The numbers that can be arranged to form a rectangle are called Rectangular Numbers (also known as Pronic numbers). The first few rectangular numbers are: 
0, 2, 6, 12, 20, 30, 42, 56, 72, 90, 110, 132, 156, 182, 210, 240, 272, 306, 342, 380, 420, 462 . . . . . . 
Given a number n, find n-th rectangular number.
Examples: 
 

Input : 1
Output : 2

Input : 4
Output : 20

Input : 5
Output : 30

 

The number 2 is a rectangular number because it is 1 row by 2 columns.
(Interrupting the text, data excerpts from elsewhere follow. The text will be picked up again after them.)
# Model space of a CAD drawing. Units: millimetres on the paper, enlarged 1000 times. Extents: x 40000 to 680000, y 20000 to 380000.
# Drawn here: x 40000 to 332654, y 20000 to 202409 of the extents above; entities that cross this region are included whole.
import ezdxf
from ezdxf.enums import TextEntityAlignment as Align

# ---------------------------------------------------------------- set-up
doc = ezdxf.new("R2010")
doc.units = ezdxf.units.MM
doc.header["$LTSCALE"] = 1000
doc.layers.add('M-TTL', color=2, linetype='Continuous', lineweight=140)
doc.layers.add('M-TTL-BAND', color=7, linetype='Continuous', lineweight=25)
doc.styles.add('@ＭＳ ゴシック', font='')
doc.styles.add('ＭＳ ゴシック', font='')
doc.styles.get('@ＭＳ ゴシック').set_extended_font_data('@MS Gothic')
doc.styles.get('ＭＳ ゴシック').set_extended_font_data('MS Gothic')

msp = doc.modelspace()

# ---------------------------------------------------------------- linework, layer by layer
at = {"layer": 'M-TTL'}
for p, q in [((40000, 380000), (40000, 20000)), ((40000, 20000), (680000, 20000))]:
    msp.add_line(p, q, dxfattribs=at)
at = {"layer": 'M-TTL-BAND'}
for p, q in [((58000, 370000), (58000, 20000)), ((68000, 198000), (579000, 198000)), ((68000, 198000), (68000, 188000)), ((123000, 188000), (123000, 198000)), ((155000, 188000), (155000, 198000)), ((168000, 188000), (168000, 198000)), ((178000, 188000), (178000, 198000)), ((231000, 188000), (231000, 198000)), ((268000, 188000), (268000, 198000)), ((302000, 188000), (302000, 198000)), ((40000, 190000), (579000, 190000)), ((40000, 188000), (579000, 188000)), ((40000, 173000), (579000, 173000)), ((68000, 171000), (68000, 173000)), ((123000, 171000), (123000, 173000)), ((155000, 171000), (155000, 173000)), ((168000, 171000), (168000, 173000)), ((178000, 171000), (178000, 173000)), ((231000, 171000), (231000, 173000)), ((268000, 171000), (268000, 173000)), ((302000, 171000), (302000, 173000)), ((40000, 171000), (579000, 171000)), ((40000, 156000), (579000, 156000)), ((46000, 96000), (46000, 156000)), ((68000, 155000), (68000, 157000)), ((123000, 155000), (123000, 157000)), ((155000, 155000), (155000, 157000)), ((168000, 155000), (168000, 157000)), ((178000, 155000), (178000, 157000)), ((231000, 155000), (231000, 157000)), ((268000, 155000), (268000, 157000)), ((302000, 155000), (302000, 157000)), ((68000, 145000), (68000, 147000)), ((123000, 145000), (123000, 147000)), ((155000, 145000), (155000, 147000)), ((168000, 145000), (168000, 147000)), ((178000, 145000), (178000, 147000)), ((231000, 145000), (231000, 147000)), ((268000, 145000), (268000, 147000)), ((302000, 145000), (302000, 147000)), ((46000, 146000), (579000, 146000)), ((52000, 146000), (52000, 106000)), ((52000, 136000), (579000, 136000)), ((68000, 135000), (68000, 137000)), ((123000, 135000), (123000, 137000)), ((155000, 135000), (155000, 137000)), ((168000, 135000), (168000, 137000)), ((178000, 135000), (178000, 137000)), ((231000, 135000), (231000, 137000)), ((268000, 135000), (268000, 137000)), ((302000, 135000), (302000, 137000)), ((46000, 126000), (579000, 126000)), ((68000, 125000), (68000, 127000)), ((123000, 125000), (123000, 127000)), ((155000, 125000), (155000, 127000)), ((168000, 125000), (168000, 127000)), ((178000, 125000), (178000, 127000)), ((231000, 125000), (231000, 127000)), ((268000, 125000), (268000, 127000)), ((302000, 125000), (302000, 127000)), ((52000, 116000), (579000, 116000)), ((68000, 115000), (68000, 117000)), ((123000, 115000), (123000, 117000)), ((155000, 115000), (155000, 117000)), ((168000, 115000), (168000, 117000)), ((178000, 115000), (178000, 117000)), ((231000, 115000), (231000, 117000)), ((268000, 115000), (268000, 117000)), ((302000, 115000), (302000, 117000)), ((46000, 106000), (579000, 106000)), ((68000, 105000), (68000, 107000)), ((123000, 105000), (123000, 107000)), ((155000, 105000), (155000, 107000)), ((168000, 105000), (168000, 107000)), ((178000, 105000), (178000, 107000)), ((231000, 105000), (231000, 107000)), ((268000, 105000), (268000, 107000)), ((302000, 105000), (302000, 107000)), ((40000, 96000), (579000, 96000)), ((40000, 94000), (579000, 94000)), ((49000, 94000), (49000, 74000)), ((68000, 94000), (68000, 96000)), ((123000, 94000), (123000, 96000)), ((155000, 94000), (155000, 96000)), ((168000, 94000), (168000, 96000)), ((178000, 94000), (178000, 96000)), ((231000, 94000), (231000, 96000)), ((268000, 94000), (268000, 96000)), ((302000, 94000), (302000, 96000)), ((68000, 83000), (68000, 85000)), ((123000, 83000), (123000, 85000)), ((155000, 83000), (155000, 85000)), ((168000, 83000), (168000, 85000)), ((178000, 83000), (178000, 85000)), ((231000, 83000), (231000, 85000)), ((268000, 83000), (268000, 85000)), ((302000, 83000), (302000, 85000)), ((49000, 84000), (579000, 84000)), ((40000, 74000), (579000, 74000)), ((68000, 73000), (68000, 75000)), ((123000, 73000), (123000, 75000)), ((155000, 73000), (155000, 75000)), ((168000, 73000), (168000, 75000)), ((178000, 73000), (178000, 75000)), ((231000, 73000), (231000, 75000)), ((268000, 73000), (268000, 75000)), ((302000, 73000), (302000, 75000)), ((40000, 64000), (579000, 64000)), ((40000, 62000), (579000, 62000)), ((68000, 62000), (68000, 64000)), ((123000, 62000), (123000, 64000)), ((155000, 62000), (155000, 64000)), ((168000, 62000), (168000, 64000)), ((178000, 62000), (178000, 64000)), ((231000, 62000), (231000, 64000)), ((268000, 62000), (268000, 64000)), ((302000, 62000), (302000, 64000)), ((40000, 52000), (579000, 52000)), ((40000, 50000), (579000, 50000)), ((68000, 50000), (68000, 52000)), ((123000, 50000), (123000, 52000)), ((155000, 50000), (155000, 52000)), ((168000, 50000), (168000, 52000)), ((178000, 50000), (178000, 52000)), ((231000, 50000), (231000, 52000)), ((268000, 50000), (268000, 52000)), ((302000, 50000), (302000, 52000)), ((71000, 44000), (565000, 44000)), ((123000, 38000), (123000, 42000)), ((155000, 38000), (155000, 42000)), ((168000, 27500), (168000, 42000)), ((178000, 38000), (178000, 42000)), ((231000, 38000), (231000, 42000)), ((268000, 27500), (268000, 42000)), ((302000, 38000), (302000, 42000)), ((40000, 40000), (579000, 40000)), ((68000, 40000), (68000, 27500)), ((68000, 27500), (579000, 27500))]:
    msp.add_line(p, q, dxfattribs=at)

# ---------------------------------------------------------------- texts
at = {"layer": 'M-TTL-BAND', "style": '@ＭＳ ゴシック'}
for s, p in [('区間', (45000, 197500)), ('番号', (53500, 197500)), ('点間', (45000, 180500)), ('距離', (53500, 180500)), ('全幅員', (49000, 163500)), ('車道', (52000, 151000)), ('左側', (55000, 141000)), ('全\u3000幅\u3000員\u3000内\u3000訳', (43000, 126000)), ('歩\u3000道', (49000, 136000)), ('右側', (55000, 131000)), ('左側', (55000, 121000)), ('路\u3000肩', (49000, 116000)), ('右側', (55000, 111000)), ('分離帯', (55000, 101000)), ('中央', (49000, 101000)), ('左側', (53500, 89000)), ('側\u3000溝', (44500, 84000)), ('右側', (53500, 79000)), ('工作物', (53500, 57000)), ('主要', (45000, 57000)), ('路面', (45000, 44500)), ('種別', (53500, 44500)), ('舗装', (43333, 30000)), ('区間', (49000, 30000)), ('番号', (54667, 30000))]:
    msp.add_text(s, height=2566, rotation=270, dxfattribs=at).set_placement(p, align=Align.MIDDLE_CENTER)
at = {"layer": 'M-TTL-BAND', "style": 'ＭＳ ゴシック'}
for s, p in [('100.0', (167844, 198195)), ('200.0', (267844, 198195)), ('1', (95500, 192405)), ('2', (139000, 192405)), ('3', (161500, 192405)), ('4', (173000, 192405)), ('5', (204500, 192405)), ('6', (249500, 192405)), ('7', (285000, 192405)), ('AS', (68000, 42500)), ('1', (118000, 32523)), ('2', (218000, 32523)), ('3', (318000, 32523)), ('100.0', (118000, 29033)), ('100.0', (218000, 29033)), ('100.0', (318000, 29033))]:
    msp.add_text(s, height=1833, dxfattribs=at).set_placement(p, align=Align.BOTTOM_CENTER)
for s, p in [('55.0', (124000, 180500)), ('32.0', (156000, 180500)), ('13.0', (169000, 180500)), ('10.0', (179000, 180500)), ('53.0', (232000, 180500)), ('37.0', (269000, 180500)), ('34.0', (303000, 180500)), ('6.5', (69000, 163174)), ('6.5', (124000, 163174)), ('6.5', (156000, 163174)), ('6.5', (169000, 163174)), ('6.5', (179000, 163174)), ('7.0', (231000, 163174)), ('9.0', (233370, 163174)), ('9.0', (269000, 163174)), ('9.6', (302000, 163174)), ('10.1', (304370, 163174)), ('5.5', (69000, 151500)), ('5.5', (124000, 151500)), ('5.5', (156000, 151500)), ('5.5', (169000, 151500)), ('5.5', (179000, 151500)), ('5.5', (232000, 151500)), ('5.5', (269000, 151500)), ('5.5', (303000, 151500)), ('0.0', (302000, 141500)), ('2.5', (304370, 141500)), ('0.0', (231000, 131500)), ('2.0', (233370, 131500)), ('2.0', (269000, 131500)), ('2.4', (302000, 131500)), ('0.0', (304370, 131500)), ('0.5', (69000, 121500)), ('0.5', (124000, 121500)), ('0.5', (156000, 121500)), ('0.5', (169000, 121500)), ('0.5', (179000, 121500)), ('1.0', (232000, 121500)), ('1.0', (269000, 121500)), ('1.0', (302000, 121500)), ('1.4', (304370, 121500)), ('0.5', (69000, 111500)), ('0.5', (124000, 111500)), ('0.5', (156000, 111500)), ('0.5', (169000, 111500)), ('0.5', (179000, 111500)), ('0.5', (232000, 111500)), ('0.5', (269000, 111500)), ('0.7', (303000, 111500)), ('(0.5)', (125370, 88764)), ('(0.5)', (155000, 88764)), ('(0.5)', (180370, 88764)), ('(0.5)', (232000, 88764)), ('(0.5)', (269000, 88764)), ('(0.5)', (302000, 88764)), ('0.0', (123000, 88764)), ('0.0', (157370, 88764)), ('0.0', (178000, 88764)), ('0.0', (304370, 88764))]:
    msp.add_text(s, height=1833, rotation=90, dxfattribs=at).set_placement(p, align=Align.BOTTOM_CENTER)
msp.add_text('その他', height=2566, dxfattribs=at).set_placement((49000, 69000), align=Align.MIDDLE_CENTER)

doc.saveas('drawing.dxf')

The number 6 is a rectangular number because it is 2 rows by 3 columns, and the number 12 is a rectangular number because it is 3 rows by 4 columns. 
If we observe these numbers carefully, we can notice that n-th rectangular number is n(n+1).
 

 

C++




// CPP Program to find n-th rectangular number
#include <bits/stdc++.h>
using namespace std;
 
// Returns n-th rectangular number
int findRectNum(int n)
{
    return n * (n + 1);
}
 
// Driver code
int main()
{
    int n = 6;
    cout << findRectNum(n);
    return 0;
}

Java




// Java Program to find n-th rectangular number
import java.io.*;
 
class GFG {
 
    // Returns n-th rectangular number
    static int findRectNum(int n)
    {
        return n * (n + 1);
    }
 
    // Driver code
    public static void main(String[] args)
    {
        int n = 6;
        System.out.println(findRectNum(n));
    }
}
 
// This code is contributed by vt_m.

C#




// C# Program to find n-th rectangular number
 
using System;
 
class GFG {
 
    // Returns n-th rectangular number
    static int findRectNum(int n)
    {
        return n * (n + 1);
    }
 
    // Driver code
    public static void Main()
    {
        int n = 6;
        Console.Write(findRectNum(n));
    }
}
 
// This code is contributed by vt_m.

Python




# Python3 Program to find n-th rectangular number
 
# Returns n-th rectangular number
def findRectNum(n):
    return n*(n + 1)
 
# Driver code
n = 6
print (findRectNum(n))
 
# This code is contributed by Shreyanshi Arun.

PHP




<?php
// PHP Program to find n-th
// rectangular number
 
// Returns n-th rectangular
// number
function findRectNum($n)
{
    return $n * ($n + 1);
}
 
    // Driver Code
    $n = 6;
    echo findRectNum($n);
     
// This code is contributed by ajit
?>

Javascript




<script>
 
// Javascript Program to find n-th rectangular number
 
// Returns n-th rectangular number
function findRectNum(n)
{
    return n * (n + 1);
}
 
// Driver code
var n = 6;
document.write(findRectNum(n));
 
// This code is contributed by noob2000.
</script>

Output: 
 

42

Time complexity: O(1) since performing constant operations

Space complexity: O(1) since using constant space for variables

Check if a given number is Pronic | Efficient Approach
This article is contributed by DANISH_RAZA . If you like GeeksforGeeks and would like to contribute, you can also write an article using write.geeksforgeeks.org or mail your article to review-team@geeksforgeeks.org. See your article appearing on the GeeksforGeeks main page and help other Geeks.
Please write comments if you find anything incorrect, or you want to share more information about the topic discussed above.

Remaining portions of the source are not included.